OK so there is this video on youtube of someone amaking a pretty awesome laser with a minimag and the diode from a dvd player. It can burn through paper and light a match. Does anyone know of a kit you can buy and just drop into a minimag, or what the best diode from some other kind of device like a blue ray or dvd player would make the best laser?
heres the vid...
http://www.youtube.com/watch?v=CgJ0EpxjZBU


----------



## proud2deviate (Feb 9, 2009)

Ah, the infamous KipKay laser hack. Bad news is, it won't work. Laser diodes need drivers for proper function, just like LEDs. That toy probably lasted two minutes.

Good news is, there are a ton of places to buy laser components. Check out http://www.laserpointerforums.com especially the buy/sell/trade section.
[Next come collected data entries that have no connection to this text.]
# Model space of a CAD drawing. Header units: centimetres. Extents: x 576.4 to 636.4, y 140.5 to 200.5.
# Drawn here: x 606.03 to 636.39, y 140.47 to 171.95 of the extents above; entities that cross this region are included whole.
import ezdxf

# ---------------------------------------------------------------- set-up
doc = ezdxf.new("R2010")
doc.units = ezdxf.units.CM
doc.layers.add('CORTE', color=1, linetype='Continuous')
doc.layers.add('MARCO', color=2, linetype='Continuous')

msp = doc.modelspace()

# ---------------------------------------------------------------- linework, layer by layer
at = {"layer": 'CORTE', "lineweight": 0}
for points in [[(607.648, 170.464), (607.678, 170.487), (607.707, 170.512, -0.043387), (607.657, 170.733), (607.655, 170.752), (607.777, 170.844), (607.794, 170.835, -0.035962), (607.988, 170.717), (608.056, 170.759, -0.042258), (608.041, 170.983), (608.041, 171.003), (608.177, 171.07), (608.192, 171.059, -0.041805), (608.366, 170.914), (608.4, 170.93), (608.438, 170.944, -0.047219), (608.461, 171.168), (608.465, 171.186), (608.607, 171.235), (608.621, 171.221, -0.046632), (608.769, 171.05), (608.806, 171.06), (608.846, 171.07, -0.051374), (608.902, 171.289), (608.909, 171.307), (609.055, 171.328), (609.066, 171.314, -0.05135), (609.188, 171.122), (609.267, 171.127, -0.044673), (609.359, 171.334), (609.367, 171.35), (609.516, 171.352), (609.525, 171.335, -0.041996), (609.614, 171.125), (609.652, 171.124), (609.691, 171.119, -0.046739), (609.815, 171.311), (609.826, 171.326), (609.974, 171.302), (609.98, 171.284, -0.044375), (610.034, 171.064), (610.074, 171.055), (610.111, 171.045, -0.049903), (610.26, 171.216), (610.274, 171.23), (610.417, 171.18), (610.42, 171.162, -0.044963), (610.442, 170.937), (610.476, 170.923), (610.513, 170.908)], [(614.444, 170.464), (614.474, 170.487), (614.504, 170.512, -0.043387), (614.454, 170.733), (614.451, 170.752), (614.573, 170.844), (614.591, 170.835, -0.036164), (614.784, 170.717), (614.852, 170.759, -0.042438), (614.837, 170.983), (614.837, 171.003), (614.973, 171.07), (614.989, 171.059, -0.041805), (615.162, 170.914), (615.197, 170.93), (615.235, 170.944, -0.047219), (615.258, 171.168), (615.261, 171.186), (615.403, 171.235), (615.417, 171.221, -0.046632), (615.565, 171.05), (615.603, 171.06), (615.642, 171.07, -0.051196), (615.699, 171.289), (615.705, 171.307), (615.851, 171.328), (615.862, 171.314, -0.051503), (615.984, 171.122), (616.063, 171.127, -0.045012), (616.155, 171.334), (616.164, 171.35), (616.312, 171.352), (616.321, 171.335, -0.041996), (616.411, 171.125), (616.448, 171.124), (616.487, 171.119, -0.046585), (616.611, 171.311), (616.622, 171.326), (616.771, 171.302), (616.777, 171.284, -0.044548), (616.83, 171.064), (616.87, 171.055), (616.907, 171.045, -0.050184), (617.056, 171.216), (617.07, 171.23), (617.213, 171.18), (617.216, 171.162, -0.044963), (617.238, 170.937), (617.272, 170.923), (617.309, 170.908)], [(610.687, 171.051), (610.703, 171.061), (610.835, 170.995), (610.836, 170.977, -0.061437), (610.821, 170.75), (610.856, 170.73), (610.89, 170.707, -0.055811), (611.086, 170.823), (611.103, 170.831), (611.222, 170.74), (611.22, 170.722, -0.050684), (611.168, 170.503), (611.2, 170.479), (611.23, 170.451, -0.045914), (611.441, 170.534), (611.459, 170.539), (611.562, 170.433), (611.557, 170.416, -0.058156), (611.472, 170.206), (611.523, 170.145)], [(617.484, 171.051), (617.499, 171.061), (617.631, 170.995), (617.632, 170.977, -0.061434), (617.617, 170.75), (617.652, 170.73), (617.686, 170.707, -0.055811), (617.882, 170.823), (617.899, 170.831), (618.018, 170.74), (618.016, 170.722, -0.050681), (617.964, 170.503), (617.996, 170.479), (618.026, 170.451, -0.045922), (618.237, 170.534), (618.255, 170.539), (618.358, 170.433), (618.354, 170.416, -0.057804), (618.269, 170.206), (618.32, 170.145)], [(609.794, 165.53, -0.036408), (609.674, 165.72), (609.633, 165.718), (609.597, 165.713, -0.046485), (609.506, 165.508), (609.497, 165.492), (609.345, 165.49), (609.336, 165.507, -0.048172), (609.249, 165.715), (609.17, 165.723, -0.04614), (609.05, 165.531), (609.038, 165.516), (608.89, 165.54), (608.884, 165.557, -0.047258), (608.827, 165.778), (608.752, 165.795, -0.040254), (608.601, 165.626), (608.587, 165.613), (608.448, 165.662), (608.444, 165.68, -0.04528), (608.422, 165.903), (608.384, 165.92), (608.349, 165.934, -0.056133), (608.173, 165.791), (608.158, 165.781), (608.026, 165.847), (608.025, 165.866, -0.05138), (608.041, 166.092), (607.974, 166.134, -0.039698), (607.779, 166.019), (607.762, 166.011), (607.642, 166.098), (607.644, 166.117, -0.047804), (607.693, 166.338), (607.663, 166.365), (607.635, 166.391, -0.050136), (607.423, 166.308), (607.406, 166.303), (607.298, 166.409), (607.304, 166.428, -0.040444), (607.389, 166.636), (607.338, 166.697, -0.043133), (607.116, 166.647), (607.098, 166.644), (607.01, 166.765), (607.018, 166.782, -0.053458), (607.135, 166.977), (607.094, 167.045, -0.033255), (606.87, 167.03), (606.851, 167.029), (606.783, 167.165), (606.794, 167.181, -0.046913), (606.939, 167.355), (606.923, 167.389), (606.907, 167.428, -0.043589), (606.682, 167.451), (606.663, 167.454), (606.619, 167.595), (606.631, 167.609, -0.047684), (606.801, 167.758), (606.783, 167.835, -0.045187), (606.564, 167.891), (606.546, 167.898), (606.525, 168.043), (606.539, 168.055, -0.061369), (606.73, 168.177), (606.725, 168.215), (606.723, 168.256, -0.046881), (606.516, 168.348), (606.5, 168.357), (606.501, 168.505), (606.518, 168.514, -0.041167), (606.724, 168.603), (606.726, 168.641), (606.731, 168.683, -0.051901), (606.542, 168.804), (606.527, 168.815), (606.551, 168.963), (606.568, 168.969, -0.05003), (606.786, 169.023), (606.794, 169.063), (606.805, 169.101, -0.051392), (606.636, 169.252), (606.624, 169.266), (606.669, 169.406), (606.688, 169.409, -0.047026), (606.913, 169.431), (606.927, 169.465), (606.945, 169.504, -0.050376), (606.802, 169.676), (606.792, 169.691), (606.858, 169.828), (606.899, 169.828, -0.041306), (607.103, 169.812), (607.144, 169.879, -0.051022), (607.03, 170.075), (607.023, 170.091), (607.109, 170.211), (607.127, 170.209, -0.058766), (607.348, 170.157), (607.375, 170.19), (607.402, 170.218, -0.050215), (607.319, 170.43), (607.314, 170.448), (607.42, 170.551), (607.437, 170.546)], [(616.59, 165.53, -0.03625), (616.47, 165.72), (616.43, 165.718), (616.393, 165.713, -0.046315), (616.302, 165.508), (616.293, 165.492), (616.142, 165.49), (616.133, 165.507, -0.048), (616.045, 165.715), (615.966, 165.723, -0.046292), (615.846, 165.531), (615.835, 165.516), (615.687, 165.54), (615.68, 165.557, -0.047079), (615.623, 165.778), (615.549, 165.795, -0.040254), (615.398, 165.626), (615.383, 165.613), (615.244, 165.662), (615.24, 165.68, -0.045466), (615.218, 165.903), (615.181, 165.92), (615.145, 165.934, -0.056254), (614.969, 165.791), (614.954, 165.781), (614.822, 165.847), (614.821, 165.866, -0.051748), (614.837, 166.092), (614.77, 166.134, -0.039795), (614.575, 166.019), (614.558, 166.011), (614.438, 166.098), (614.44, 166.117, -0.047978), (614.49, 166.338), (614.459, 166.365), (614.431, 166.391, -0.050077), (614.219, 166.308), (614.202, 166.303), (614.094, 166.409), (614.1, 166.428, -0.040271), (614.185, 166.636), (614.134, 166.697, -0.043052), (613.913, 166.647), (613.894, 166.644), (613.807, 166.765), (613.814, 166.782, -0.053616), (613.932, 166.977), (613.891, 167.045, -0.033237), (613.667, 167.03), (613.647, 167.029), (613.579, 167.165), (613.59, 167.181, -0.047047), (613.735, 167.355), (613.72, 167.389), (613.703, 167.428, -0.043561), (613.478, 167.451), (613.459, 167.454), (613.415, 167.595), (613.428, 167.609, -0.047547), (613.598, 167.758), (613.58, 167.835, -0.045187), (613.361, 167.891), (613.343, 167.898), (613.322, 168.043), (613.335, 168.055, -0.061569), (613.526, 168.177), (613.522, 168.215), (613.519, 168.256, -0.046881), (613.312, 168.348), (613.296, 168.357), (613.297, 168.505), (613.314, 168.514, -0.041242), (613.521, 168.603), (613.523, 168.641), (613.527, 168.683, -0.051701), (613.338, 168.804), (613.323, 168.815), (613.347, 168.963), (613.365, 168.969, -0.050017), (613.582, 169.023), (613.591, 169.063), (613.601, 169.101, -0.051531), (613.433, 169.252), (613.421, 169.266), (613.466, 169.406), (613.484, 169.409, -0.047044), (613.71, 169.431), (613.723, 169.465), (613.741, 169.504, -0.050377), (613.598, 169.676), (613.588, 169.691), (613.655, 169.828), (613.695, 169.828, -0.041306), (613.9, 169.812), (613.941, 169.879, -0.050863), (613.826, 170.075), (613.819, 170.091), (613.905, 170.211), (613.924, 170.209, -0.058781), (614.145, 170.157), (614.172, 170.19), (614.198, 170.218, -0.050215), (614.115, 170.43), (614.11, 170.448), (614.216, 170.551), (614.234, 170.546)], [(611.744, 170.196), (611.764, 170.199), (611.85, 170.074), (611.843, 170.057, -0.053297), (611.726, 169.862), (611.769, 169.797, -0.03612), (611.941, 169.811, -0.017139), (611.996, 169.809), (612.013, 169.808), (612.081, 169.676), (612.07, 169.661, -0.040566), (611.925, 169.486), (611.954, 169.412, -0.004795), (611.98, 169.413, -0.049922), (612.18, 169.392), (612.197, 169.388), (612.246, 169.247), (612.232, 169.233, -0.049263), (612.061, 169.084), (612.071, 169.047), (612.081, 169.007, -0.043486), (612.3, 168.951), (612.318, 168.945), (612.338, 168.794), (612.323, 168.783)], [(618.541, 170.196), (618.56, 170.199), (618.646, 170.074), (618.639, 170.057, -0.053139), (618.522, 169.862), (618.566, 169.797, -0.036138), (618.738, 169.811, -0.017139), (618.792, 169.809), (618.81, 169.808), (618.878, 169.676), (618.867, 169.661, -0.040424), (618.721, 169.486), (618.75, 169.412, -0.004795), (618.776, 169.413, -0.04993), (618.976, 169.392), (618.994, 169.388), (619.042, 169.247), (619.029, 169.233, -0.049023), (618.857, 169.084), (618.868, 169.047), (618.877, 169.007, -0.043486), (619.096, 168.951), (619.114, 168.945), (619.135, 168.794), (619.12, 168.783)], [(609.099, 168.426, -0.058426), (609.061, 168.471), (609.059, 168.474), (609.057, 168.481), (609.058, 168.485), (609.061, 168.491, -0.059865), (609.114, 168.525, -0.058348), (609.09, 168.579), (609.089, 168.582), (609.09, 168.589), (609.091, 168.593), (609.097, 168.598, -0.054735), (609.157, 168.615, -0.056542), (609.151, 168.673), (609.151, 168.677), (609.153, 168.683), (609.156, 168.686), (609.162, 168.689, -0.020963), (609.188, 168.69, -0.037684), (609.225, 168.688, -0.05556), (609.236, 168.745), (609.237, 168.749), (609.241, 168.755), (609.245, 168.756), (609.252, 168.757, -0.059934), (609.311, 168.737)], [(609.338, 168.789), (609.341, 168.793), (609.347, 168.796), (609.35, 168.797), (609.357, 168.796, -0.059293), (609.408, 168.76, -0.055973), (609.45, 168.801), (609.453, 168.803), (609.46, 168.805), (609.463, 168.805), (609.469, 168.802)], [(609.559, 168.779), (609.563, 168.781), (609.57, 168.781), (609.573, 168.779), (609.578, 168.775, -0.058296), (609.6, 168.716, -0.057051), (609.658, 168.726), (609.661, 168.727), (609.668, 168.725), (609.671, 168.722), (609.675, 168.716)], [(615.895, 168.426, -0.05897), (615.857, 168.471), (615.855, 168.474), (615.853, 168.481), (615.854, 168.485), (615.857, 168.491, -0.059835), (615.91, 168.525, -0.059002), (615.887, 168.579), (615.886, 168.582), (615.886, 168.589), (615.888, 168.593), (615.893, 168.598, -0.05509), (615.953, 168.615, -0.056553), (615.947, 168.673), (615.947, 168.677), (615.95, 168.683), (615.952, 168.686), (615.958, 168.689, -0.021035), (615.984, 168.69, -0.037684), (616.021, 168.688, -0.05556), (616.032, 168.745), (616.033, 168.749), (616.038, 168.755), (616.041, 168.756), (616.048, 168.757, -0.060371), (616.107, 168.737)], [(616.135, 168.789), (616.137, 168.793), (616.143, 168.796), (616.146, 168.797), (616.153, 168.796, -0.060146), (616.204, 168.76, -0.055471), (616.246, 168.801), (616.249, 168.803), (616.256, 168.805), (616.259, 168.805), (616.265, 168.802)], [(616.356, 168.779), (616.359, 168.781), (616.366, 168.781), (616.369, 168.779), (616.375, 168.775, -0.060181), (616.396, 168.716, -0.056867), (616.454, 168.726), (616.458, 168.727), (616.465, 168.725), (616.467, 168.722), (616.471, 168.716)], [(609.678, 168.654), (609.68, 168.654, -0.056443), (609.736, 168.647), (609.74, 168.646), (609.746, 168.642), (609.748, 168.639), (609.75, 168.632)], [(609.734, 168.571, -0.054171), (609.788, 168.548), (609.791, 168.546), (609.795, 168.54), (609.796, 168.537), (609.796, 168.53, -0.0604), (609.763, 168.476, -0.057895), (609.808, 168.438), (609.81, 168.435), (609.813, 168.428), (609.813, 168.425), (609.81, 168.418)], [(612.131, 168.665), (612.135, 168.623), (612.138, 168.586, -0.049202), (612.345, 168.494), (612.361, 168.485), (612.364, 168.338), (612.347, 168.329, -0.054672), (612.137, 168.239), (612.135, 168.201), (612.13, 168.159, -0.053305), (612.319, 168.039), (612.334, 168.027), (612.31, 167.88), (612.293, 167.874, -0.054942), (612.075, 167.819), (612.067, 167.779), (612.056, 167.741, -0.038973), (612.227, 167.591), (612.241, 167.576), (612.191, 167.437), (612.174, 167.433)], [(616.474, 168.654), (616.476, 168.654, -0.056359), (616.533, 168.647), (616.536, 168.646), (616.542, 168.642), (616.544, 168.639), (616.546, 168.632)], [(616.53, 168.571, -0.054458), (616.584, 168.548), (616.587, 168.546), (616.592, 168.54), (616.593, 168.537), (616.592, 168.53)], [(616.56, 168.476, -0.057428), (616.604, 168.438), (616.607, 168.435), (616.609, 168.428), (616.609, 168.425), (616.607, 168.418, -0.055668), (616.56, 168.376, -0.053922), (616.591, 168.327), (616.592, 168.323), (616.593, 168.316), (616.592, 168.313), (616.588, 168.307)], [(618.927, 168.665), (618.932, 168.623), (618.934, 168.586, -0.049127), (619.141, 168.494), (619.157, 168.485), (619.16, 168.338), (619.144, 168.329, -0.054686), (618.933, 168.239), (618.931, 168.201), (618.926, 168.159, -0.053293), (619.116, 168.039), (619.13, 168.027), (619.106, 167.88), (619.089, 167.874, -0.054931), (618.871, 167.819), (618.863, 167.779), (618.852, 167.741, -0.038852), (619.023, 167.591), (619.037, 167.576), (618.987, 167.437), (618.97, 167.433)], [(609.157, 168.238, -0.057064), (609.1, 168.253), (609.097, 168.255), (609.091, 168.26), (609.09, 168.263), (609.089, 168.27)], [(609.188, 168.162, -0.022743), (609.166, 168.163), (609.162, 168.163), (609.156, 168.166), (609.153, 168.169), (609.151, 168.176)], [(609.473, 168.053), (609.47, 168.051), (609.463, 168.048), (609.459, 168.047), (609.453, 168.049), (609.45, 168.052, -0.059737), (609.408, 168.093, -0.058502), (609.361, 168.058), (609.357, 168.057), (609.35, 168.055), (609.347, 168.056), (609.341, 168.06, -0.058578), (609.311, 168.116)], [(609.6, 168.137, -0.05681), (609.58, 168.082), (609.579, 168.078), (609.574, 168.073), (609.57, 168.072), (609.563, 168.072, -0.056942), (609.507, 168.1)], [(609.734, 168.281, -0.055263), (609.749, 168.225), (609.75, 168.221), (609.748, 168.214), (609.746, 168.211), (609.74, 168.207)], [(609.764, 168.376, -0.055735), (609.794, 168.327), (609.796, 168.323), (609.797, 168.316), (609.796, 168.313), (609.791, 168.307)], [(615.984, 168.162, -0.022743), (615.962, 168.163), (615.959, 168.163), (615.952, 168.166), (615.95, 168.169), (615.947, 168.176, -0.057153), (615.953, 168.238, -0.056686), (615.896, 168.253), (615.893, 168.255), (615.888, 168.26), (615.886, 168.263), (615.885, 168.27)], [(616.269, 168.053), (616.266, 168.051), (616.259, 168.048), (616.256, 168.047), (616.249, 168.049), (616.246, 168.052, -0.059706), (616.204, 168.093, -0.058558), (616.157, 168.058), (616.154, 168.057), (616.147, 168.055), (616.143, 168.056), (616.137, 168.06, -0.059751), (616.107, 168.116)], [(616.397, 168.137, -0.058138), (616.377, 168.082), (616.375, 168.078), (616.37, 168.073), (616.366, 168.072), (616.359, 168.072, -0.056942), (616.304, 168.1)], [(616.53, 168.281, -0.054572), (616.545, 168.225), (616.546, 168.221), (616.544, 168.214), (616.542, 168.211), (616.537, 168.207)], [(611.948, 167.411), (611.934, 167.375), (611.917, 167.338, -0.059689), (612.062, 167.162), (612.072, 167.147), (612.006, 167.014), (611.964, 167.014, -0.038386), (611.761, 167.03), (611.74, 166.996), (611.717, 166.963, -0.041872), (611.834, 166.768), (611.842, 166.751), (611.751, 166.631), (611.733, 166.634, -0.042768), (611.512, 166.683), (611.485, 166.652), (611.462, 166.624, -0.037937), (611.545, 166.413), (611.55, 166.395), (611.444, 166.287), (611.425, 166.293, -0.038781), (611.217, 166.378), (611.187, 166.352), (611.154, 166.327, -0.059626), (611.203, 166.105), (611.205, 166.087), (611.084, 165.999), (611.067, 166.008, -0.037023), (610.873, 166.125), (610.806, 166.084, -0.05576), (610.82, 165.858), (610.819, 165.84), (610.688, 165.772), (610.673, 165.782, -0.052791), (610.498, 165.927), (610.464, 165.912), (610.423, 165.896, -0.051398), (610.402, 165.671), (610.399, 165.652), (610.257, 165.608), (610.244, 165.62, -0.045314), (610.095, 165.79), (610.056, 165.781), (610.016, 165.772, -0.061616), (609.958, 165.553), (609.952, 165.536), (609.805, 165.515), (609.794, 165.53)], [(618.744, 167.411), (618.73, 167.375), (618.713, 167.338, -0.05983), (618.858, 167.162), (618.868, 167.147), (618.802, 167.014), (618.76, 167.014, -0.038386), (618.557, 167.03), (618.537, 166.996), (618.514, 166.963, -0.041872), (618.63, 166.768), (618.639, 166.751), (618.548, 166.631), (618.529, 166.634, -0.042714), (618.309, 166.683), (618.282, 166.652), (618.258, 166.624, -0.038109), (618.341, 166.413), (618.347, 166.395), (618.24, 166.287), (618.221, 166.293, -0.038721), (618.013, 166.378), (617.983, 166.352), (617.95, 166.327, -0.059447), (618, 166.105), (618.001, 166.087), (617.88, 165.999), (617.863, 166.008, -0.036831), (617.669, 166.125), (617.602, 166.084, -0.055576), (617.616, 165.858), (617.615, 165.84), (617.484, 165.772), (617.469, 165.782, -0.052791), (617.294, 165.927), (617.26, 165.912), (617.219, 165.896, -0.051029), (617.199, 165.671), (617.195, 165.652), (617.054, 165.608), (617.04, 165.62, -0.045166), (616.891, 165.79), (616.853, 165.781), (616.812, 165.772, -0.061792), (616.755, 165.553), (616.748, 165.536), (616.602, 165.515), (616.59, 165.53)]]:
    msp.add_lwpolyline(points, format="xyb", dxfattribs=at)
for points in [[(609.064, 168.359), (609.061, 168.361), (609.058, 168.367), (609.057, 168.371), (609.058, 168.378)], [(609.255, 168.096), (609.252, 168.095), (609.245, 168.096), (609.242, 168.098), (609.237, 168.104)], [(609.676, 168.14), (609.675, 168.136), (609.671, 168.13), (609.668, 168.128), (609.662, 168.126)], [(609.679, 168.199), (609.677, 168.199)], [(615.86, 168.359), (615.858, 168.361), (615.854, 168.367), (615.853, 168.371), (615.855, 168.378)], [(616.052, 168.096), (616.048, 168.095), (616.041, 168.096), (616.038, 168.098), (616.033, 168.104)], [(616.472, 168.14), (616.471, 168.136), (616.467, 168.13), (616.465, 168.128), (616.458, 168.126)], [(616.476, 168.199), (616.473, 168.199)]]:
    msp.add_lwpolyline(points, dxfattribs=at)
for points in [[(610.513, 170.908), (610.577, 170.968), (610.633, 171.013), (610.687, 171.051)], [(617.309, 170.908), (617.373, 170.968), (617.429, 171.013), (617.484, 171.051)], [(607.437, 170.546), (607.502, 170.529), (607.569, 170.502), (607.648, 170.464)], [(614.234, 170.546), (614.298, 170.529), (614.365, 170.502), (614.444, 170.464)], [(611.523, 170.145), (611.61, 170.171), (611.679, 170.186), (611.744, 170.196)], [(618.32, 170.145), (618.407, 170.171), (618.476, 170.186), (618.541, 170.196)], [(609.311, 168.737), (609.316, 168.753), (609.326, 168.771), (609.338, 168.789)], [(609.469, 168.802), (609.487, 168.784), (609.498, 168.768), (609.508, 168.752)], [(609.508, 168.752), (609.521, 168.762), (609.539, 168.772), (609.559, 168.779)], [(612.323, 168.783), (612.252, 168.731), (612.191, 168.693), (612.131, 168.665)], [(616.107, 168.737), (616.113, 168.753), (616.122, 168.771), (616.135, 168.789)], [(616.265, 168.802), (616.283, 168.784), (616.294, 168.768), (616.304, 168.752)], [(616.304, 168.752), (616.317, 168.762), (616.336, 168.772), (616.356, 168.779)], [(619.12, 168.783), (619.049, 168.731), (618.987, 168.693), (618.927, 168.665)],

I just picked up a new blu-ray diode installed in a module housing for $18 shipped (it's on the way ) People are using these to build some very impressive hand-held burning lasers. After that, you need a driver (~$20) heatsink, and a host to house it all. (I plan to scratch build my heatsink and host, for minimal wallet impact.)


----------



## mattmagic100 (Feb 16, 2009)

why wouldnt it work?:thinking:


----------



## csshih (Feb 16, 2009)

oh, it'll work.. for a few minutes.


----------



## mattmagic100 (Feb 17, 2009)

THAT SUCKS! im makin one right now to. How do we get a bigger and better power supply.

O sry i forgot to introduce myself im new. Hi, my name is matt im 14 and i am very interested in this building things and now im building my first laser (takin it slow) and im goin to move up to somethin stronger. I am also building a jet engine with my dad and neighbor this summer. So ya, HI!


----------